Exercise prompt:
In the records below, the line with "variables for calculations : Subsystem" opens the range and the line with "Insert/Logic and Bit" closes it; print that range exactly and nothing else.

Raw data:
━━━━━━━━━━━━━━━━
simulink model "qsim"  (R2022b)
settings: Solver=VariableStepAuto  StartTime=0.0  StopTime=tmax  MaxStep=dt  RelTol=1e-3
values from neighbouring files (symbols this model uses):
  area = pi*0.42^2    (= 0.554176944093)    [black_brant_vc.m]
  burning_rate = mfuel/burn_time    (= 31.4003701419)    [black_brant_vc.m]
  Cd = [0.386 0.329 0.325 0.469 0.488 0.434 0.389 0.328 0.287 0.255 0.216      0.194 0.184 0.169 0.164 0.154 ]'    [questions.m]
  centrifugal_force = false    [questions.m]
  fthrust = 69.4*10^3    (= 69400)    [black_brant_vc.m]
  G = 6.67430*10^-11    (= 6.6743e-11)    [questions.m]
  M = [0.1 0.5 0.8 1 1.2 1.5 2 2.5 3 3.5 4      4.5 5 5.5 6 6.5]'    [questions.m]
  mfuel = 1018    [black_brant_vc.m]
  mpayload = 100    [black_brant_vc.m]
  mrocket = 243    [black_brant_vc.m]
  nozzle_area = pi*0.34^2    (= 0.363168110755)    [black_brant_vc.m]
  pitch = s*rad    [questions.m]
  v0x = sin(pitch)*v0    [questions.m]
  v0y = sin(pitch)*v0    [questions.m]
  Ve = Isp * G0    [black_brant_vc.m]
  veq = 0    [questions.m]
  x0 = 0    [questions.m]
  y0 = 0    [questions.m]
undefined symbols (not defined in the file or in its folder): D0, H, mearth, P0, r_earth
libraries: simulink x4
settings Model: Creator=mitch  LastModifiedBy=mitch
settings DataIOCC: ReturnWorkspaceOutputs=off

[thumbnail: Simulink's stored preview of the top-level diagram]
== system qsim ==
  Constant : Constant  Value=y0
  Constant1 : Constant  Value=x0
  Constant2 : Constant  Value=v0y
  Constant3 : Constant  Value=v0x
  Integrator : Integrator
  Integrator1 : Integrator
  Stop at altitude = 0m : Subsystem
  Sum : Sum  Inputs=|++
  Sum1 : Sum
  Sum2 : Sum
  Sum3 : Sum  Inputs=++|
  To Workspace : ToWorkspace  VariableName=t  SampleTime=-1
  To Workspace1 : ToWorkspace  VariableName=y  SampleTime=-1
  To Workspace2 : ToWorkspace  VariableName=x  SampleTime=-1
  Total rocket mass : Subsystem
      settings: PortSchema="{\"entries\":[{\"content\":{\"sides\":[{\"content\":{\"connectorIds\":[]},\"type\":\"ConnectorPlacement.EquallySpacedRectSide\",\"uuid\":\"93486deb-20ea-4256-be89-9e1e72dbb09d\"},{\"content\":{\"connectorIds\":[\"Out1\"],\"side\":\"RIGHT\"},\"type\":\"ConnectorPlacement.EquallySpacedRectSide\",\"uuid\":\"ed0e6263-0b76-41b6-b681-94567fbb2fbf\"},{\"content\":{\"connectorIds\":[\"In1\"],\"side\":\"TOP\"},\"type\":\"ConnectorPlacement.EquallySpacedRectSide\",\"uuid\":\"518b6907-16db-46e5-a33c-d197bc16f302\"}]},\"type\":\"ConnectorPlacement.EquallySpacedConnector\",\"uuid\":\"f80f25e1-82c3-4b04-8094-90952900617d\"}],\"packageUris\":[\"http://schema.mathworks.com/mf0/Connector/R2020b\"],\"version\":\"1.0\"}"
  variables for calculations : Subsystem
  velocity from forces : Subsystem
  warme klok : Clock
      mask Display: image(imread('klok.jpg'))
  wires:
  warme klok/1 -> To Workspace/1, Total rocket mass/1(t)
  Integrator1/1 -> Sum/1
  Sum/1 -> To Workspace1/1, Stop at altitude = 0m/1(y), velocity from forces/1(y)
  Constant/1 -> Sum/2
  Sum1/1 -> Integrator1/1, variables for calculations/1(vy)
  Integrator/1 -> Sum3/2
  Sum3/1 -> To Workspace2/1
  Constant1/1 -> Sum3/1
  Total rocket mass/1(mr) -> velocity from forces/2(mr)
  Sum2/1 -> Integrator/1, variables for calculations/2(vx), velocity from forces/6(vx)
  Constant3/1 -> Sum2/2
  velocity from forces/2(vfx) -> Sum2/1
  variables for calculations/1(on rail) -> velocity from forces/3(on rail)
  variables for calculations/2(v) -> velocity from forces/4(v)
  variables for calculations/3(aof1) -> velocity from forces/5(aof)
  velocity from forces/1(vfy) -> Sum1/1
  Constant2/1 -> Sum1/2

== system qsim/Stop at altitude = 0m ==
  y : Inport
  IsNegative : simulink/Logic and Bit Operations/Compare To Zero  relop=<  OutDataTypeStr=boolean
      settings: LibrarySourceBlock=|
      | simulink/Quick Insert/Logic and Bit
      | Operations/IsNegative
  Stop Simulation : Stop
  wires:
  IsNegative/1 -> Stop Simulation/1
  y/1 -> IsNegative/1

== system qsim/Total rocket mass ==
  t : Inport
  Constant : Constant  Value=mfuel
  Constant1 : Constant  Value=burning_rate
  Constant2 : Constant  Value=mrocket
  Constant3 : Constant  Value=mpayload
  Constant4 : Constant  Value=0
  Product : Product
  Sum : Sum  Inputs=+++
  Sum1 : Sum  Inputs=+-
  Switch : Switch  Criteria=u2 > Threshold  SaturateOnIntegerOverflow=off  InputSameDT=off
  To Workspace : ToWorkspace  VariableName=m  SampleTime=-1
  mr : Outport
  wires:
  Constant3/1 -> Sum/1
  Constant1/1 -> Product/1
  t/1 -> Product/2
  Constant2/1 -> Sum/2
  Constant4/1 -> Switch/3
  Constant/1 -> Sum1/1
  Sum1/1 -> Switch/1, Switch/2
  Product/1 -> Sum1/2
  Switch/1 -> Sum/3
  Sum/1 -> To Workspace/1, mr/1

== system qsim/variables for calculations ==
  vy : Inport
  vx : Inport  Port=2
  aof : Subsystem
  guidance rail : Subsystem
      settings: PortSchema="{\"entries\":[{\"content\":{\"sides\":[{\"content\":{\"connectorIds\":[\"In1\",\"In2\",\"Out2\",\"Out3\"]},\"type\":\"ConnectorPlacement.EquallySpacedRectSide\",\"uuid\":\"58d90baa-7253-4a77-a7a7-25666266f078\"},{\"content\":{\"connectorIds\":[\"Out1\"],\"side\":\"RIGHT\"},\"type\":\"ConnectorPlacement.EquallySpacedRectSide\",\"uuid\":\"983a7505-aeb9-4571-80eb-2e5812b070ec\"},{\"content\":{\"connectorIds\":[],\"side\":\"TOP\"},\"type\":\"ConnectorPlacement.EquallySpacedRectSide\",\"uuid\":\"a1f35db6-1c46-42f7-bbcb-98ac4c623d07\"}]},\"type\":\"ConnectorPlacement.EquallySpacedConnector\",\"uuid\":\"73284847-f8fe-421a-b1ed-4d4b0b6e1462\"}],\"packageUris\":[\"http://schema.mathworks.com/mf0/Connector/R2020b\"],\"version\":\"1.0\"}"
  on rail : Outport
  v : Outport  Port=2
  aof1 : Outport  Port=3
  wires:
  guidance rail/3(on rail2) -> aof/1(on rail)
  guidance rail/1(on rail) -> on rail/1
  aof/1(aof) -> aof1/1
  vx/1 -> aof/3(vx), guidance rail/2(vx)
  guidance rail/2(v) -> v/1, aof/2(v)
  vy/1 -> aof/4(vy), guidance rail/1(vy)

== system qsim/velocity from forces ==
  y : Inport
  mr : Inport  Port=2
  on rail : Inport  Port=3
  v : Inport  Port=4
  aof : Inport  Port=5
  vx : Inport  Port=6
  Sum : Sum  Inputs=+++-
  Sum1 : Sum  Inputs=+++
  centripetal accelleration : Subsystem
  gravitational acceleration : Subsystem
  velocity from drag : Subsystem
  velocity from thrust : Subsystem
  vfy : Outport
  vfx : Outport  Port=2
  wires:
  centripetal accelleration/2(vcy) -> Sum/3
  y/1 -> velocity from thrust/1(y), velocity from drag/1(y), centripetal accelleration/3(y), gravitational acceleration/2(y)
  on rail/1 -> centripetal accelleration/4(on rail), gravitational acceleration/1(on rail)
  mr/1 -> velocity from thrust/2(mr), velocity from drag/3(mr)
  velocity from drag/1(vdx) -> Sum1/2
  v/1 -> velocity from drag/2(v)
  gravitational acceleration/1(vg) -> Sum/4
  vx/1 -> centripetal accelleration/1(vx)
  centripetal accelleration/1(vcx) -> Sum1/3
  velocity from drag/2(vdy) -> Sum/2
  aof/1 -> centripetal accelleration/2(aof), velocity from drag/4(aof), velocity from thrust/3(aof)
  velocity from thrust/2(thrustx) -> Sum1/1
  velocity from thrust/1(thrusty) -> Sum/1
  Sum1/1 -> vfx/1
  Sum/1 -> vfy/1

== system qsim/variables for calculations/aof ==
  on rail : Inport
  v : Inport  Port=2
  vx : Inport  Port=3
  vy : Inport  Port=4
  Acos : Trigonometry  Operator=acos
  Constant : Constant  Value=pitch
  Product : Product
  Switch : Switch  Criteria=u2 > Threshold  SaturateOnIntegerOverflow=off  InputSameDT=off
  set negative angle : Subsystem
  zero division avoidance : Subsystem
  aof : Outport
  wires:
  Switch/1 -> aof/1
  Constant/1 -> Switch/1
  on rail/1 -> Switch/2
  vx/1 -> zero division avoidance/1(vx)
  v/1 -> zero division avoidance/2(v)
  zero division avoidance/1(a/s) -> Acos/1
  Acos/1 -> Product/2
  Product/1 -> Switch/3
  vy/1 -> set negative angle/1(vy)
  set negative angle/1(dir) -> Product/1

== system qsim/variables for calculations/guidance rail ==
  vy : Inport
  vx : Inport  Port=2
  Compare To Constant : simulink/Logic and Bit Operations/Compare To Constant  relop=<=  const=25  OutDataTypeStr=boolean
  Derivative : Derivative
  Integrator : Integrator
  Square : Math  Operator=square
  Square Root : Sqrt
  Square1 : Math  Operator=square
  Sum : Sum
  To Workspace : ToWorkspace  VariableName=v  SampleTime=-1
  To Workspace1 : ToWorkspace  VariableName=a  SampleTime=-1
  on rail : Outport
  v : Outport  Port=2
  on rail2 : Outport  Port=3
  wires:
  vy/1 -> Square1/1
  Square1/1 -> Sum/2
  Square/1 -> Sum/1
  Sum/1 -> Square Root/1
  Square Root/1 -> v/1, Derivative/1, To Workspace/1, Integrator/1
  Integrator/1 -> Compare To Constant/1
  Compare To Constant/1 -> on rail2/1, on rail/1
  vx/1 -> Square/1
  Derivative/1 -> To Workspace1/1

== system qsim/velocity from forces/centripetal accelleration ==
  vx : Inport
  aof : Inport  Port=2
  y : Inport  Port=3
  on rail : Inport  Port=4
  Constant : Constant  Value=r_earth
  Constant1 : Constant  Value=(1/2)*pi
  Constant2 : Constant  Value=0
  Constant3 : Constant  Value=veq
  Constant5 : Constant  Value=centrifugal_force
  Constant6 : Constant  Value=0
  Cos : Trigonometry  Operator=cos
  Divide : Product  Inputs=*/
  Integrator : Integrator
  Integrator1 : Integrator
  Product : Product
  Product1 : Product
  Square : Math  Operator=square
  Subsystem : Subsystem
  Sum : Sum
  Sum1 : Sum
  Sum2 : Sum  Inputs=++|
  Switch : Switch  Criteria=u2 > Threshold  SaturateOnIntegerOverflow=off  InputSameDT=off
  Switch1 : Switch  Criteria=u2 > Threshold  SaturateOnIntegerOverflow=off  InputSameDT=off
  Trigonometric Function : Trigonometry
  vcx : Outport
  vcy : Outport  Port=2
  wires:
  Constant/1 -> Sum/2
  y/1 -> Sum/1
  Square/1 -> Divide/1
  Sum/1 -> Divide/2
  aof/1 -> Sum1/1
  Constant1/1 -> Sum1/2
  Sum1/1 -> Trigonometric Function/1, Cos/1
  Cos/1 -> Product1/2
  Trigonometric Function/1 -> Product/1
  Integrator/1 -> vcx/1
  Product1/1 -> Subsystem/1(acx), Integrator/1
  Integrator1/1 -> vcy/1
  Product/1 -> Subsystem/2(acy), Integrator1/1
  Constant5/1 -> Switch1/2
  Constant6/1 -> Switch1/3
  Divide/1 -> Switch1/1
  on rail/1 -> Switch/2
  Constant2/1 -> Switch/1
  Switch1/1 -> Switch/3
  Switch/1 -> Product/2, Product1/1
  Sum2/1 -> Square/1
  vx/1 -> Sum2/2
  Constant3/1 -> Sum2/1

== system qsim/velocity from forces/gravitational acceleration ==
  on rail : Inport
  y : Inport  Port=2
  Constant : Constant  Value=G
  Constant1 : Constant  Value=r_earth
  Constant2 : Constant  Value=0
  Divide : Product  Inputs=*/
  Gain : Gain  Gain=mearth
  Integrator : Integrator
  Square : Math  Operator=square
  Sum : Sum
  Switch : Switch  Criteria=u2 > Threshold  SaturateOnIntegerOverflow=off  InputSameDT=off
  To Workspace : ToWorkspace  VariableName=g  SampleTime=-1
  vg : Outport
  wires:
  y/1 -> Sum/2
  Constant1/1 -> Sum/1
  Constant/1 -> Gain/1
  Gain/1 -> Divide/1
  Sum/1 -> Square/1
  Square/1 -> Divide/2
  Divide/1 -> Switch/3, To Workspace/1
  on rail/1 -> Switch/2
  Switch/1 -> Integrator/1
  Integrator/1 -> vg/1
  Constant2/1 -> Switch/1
━━━━━━━━━━━━━━━━
Written answer:
  variables for calculations : Subsystem
  velocity from forces : Subsystem
  warme klok : Clock
      mask Display: image(imread('klok.jpg'))
  wires:
  warme klok/1 -> To Workspace/1, Total rocket mass/1(t)
  Integrator1/1 -> Sum/1
  Sum/1 -> To Workspace1/1, Stop at altitude = 0m/1(y), velocity from forces/1(y)
  Constant/1 -> Sum/2
  Sum1/1 -> Integrator1/1, variables for calculations/1(vy)
  Integrator/1 -> Sum3/2
  Sum3/1 -> To Workspace2/1
  Constant1/1 -> Sum3/1
  Total rocket mass/1(mr) -> velocity from forces/2(mr)
  Sum2/1 -> Integrator/1, variables for calculations/2(vx), velocity from forces/6(vx)
  Constant3/1 -> Sum2/2
  velocity from forces/2(vfx) -> Sum2/1
  variables for calculations/1(on rail) -> velocity from forces/3(on rail)
  variables for calculations/2(v) -> velocity from forces/4(v)
  variables for calculations/3(aof1) -> velocity from forces/5(aof)
  velocity from forces/1(vfy) -> Sum1/1
  Constant2/1 -> Sum1/2

== system qsim/Stop at altitude = 0m ==
  y : Inport
  IsNegative : simulink/Logic and Bit Operations/Compare To Zero  relop=<  OutDataTypeStr=boolean
      settings: LibrarySourceBlock=|
      | simulink/Quick Insert/Logic and Bit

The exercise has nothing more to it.